Most answers follow the common wisdom of loading less data, but in some circumstances such as here you Absolutely Positively Must load a lot of entities. So how do we do that?
Cause of poor performance
Is it unavoidable for this operation to take this long?
Well, its not. We are loading just a megabyte of data from disk, the cause of poor performance is that the data is split across 40,000 tiny entities. The database can handle that, but the entity framework seem to struggle setting up all those entities, change tracking, etc. If we do not intend to modify the data, there is a lot we can do.
I tried three things
Primitives
Load just one property, then you get a list of primitives.
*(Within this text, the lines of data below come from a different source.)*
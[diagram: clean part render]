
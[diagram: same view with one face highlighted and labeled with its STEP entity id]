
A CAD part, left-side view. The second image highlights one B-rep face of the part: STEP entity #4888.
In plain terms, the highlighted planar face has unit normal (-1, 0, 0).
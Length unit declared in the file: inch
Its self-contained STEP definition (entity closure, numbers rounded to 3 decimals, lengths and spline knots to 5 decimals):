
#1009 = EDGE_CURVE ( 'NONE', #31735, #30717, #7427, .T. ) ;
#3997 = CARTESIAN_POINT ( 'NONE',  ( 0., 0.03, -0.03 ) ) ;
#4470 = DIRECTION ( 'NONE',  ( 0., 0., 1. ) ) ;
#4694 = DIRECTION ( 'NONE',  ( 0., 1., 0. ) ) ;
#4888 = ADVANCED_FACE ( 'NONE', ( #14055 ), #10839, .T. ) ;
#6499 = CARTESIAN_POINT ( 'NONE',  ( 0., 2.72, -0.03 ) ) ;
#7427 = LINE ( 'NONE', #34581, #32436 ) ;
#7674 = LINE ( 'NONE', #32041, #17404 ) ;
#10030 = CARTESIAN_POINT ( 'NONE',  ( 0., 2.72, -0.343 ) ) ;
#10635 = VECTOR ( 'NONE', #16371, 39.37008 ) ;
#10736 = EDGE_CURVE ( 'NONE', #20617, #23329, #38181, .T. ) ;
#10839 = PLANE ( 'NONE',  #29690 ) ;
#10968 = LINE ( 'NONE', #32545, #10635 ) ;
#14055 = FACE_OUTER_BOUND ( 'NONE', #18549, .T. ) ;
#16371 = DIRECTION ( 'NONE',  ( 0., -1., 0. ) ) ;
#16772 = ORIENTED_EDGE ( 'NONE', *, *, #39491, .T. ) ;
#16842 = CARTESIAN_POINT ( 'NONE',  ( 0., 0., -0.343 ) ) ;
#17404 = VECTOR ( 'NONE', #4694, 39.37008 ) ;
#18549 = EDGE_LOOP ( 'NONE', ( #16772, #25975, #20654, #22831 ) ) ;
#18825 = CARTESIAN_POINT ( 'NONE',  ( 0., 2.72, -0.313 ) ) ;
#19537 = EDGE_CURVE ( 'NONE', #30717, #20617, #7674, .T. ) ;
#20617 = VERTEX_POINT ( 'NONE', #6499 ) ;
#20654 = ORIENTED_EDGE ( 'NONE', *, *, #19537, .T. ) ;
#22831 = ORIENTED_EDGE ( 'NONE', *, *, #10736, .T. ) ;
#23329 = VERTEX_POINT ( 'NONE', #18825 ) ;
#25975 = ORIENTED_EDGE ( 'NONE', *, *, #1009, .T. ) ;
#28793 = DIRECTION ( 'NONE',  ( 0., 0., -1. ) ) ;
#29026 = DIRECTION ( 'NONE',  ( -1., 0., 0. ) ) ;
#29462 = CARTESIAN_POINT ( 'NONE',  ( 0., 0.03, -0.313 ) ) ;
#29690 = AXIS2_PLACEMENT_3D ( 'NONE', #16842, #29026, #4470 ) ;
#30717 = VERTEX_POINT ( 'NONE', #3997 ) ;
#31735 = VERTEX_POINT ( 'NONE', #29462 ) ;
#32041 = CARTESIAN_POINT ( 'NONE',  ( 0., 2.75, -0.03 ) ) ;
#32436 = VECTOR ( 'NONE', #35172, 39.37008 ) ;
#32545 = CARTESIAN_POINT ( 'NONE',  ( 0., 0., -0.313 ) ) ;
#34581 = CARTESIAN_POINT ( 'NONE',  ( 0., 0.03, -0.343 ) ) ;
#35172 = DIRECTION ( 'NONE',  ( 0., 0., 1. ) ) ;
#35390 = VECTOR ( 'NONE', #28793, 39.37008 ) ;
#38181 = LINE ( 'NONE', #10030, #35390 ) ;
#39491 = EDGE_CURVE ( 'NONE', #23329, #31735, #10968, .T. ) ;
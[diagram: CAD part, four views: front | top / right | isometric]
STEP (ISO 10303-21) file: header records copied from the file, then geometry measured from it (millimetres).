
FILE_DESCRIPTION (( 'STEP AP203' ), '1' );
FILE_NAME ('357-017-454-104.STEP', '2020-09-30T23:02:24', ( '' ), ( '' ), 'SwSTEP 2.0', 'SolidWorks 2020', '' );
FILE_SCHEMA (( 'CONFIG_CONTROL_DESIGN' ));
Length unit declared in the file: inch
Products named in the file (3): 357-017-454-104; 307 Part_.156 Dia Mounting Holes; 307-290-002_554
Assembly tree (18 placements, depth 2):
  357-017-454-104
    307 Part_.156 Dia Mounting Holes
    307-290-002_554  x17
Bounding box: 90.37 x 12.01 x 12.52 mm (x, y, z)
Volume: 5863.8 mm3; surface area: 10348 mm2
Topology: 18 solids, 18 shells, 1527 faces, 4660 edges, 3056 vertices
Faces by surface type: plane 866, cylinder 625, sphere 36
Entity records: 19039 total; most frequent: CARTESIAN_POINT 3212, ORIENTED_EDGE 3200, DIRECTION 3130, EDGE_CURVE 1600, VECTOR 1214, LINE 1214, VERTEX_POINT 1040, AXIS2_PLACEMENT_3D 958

List<double> dataPoints = _db.DataPoints.Select(dp => dp.Value).ToList();
This bypasses all of entity creation normally performed by entity framework. This query took 0.4 seconds, compared to 18 seconds for the original query. We are talking 45 (!) times improvement.
Anonymous types
Of-course most of the time we need more than just an array of primitives
We can create new objects right inside the LINQ query. Entity framework won't create the entities it normally would, and the operation runs much faster. We can use anonymous objects for convenience.
var query = db.DataPoints.Select(dp => new {Guid ID = dp.sensorID, DateTimeOffset Timestamp = dp.TimeStamp, double Value = dp.Value});
This operations takes 1.2 seconds compared to 18 seconds for normally retrieving the same amount of data.
Tuples
I found that in my case using Tuples instead of anonymous types improves performance a little, the following query executed roughly 30% faster:
var query = db.DataPoints.Select(dp => Tuple.Create(dp.sensorID, dp.TimeStamp, dp.Value));
Other ways
- You cannot use structures inside LinQ queries, so that's not an
option
- In many cases you can combine many records together to reduce
overhead associated with retrieving many individual records. By
retrieving fewer larger records you could improve performance. For
instance in my usecase I've got some measurements that are being
taken every 5 minutes, 24/7. At the moment I am storing them
individually, and that's silly. Nobody will ever query less than a
day worth of them. I plan to update this post when I make the change
and find out how performance changed.
- Some recommend using an object oriented DB or micro ORM. I have
never used either, so I can't comment.